— Problem to solve —
Repeat every entry word for word, skipping the pictures.

— Supplied data —
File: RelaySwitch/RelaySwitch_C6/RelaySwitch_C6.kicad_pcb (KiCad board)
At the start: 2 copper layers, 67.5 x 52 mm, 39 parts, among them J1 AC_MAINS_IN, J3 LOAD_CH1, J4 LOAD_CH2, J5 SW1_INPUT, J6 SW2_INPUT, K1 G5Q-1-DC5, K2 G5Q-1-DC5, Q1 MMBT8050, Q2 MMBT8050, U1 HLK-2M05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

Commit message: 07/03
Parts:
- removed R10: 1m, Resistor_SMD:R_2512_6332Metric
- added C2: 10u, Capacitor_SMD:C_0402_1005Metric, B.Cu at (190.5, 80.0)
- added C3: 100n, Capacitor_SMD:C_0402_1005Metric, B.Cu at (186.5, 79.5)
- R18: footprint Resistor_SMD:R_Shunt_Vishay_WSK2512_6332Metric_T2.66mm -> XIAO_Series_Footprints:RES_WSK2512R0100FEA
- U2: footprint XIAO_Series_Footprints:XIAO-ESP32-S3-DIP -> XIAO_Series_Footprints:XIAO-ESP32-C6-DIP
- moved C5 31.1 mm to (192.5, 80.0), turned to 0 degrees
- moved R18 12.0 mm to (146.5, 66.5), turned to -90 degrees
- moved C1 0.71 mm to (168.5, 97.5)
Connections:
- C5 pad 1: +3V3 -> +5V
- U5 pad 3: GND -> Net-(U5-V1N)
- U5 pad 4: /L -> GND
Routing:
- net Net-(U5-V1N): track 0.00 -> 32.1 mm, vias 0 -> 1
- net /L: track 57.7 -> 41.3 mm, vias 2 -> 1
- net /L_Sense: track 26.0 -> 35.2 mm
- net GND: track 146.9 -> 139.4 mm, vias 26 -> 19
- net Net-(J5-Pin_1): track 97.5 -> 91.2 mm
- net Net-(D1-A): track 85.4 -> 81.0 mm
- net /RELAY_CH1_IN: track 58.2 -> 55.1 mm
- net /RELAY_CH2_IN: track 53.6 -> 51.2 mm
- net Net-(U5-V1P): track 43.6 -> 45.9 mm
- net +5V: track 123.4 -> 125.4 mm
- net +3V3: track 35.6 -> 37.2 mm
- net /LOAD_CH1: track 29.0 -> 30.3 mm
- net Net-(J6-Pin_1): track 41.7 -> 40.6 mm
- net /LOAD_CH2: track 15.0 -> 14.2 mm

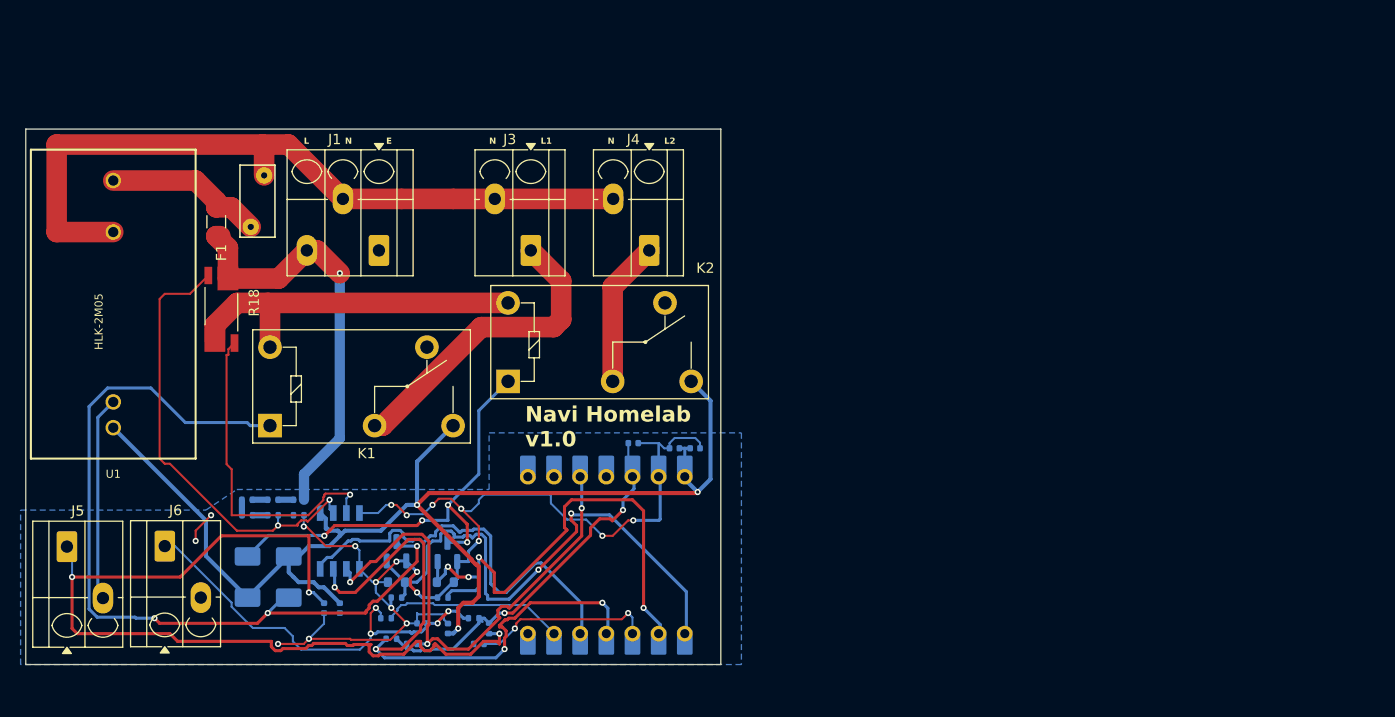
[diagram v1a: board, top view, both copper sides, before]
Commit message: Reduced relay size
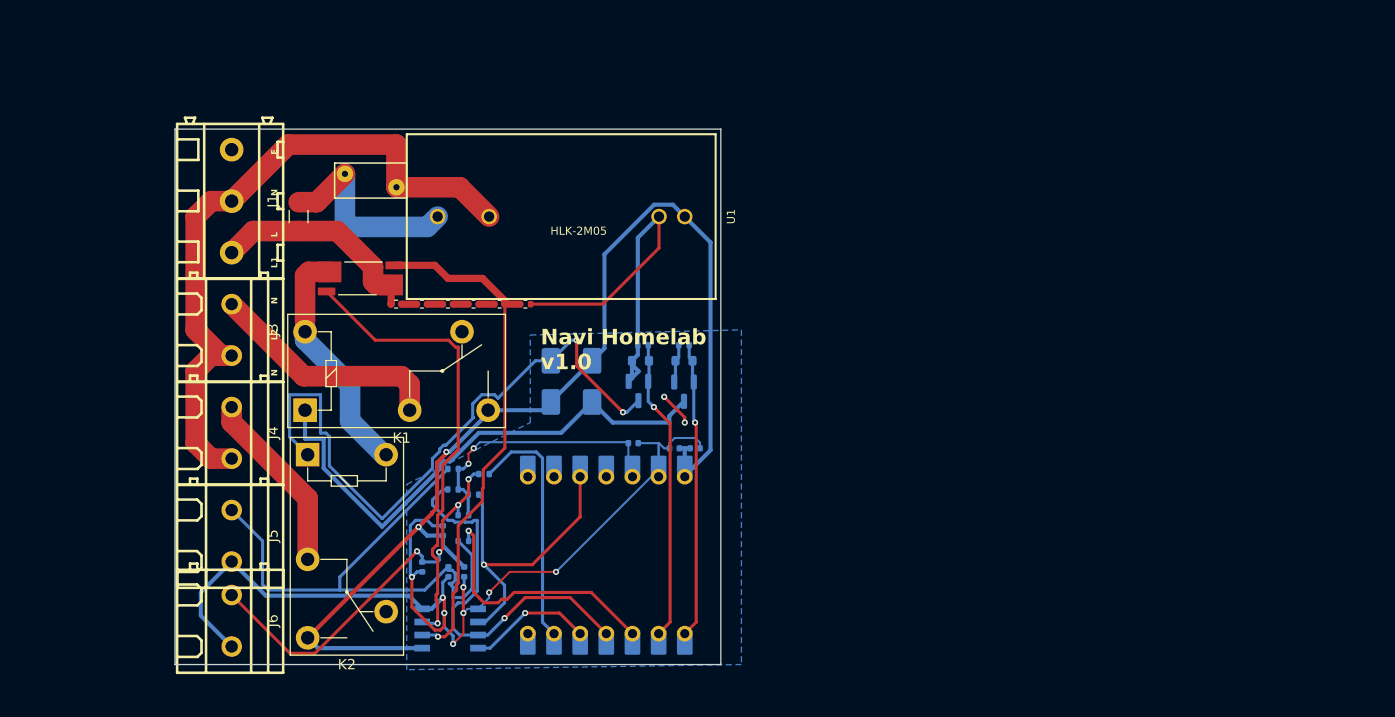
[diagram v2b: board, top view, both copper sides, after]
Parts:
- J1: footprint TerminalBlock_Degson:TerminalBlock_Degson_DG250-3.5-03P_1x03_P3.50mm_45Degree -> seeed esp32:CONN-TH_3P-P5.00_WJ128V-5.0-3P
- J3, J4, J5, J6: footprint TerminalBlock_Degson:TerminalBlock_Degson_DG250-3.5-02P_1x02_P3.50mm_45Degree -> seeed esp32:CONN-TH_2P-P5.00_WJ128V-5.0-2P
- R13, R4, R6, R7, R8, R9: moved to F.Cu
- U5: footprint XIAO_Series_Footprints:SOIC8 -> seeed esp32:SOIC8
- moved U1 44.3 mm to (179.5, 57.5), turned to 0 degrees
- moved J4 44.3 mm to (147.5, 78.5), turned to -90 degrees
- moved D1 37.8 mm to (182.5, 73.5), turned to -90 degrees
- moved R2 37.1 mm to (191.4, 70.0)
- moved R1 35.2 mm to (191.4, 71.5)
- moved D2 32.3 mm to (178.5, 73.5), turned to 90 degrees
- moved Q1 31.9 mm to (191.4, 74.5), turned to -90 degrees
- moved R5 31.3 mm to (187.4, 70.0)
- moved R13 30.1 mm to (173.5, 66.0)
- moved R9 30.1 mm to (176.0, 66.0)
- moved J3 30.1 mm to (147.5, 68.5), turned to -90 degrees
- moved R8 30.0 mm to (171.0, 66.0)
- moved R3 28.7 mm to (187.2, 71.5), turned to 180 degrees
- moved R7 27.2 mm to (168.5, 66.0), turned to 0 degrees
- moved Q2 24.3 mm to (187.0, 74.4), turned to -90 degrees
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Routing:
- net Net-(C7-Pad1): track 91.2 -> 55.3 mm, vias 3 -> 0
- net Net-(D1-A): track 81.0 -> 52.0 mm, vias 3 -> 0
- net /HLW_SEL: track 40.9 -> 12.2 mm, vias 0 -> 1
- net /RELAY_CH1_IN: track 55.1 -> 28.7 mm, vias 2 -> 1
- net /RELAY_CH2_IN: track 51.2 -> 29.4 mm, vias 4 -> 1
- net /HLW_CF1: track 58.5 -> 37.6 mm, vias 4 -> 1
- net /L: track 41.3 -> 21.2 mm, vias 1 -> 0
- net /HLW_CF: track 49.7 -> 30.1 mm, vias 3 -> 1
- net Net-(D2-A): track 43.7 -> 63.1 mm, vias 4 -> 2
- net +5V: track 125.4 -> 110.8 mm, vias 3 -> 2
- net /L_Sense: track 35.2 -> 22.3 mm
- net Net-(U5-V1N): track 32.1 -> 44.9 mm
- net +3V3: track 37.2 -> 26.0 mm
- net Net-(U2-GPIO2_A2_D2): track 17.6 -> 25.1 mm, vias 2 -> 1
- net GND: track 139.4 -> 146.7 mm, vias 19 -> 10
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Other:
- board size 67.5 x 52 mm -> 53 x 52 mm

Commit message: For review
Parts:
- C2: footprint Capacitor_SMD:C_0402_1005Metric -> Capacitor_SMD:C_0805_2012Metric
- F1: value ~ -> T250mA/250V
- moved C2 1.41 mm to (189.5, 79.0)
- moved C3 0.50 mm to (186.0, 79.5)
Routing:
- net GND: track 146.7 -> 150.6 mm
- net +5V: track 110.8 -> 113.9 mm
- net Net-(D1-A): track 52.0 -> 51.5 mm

— Task answer —
File: RelaySwitch/RelaySwitch_C6/RelaySwitch_C6.kicad_pcb (KiCad board)
At the start: 2 copper layers, 67.5 x 52 mm, 39 parts, among them J1 AC_MAINS_IN, J3 LOAD_CH1, J4 LOAD_CH2, J5 SW1_INPUT, J6 SW2_INPUT, K1 G5Q-1-DC5, K2 G5Q-1-DC5, Q1 MMBT8050, Q2 MMBT8050, U1 HLK-2M05

Commit message: 07/03
Parts:
- removed R10: 1m, Resistor_SMD:R_2512_6332Metric
- added C2: 10u, Capacitor_SMD:C_0402_1005Metric, B.Cu at (190.5, 80.0)
- added C3: 100n, Capacitor_SMD:C_0402_1005Metric, B.Cu at (186.5, 79.5)
- R18: footprint Resistor_SMD:R_Shunt_Vishay_WSK2512_6332Metric_T2.66mm -> XIAO_Series_Footprints:RES_WSK2512R0100FEA
- U2: footprint XIAO_Series_Footprints:XIAO-ESP32-S3-DIP -> XIAO_Series_Footprints:XIAO-ESP32-C6-DIP
- moved C5 31.1 mm to (192.5, 80.0), turned to 0 degrees
- moved R18 12.0 mm to (146.5, 66.5), turned to -90 degrees
- moved C1 0.71 mm to (168.5, 97.5)
Connections:
- C5 pad 1: +3V3 -> +5V
- U5 pad 3: GND -> Net-(U5-V1N)
- U5 pad 4: /L -> GND
Routing:
- net Net-(U5-V1N): track 0.00 -> 32.1 mm, vias 0 -> 1
- net /L: track 57.7 -> 41.3 mm, vias 2 -> 1
- net /L_Sense: track 26.0 -> 35.2 mm
- net GND: track 146.9 -> 139.4 mm, vias 26 -> 19
- net Net-(J5-Pin_1): track 97.5 -> 91.2 mm
- net Net-(D1-A): track 85.4 -> 81.0 mm
- net /RELAY_CH1_IN: track 58.2 -> 55.1 mm
- net /RELAY_CH2_IN: track 53.6 -> 51.2 mm
- net Net-(U5-V1P): track 43.6 -> 45.9 mm
- net +5V: track 123.4 -> 125.4 mm
- net +3V3: track 35.6 -> 37.2 mm
- net /LOAD_CH1: track 29.0 -> 30.3 mm
- net Net-(J6-Pin_1): track 41.7 -> 40.6 mm
- net /LOAD_CH2: track 15.0 -> 14.2 mm

[diagram v1a: board, top view, both copper sides, before]
Commit message: Reduced relay size
[diagram v2b: board, top view, both copper sides, after]
Parts:
- J1: footprint TerminalBlock_Degson:TerminalBlock_Degson_DG250-3.5-03P_1x03_P3.50mm_45Degree -> seeed esp32:CONN-TH_3P-P5.00_WJ128V-5.0-3P
- J3, J4, J5, J6: footprint TerminalBlock_Degson:TerminalBlock_Degson_DG250-3.5-02P_1x02_P3.50mm_45Degree -> seeed esp32:CONN-TH_2P-P5.00_WJ128V-5.0-2P
- R13, R4, R6, R7, R8, R9: moved to F.Cu
- U5: footprint XIAO_Series_Footprints:SOIC8 -> seeed esp32:SOIC8
- moved U1 44.3 mm to (179.5, 57.5), turned to 0 degrees
- moved J4 44.3 mm to (147.5, 78.5), turned to -90 degrees
- moved D1 37.8 mm to (182.5, 73.5), turned to -90 degrees
- moved R2 37.1 mm to (191.4, 70.0)
- moved R1 35.2 mm to (191.4, 71.5)
- moved D2 32.3 mm to (178.5, 73.5), turned to 90 degrees
- moved Q1 31.9 mm to (191.4, 74.5), turned to -90 degrees
- moved R5 31.3 mm to (187.4, 70.0)
- moved R13 30.1 mm to (173.5, 66.0)
- moved R9 30.1 mm to (176.0, 66.0)
- moved J3 30.1 mm to (147.5, 68.5), turned to -90 degrees
- moved R8 30.0 mm to (171.0, 66.0)
- moved R3 28.7 mm to (187.2, 71.5), turned to 180 degrees
- moved R7 27.2 mm to (168.5, 66.0), turned to 0 degrees
- moved Q2 24.3 mm to (187.0, 74.4), turned to -90 degrees
Routing:
- net Net-(C7-Pad1): track 91.2 -> 55.3 mm, vias 3 -> 0
- net Net-(D1-A): track 81.0 -> 52.0 mm, vias 3 -> 0
- net /HLW_SEL: track 40.9 -> 12.2 mm, vias 0 -> 1
- net /RELAY_CH1_IN: track 55.1 -> 28.7 mm, vias 2 -> 1
- net /RELAY_CH2_IN: track 51.2 -> 29.4 mm, vias 4 -> 1
- net /HLW_CF1: track 58.5 -> 37.6 mm, vias 4 -> 1
- net /L: track 41.3 -> 21.2 mm, vias 1 -> 0
- net /HLW_CF: track 49.7 -> 30.1 mm, vias 3 -> 1
- net Net-(D2-A): track 43.7 -> 63.1 mm, vias 4 -> 2
- net +5V: track 125.4 -> 110.8 mm, vias 3 -> 2
- net /L_Sense: track 35.2 -> 22.3 mm
- net Net-(U5-V1N): track 32.1 -> 44.9 mm
- net +3V3: track 37.2 -> 26.0 mm
- net Net-(U2-GPIO2_A2_D2): track 17.6 -> 25.1 mm, vias 2 -> 1
- net GND: track 139.4 -> 146.7 mm, vias 19 -> 10
Other:
- board size 67.5 x 52 mm -> 53 x 52 mm

Commit message: For review
Parts:
- C2: footprint Capacitor_SMD:C_0402_1005Metric -> Capacitor_SMD:C_0805_2012Metric
- F1: value ~ -> T250mA/250V
- moved C2 1.41 mm to (189.5, 79.0)
- moved C3 0.50 mm to (186.0, 79.5)
Routing:
- net GND: track 146.7 -> 150.6 mm
- net +5V: track 110.8 -> 113.9 mm
- net Net-(D1-A): track 52.0 -> 51.5 mm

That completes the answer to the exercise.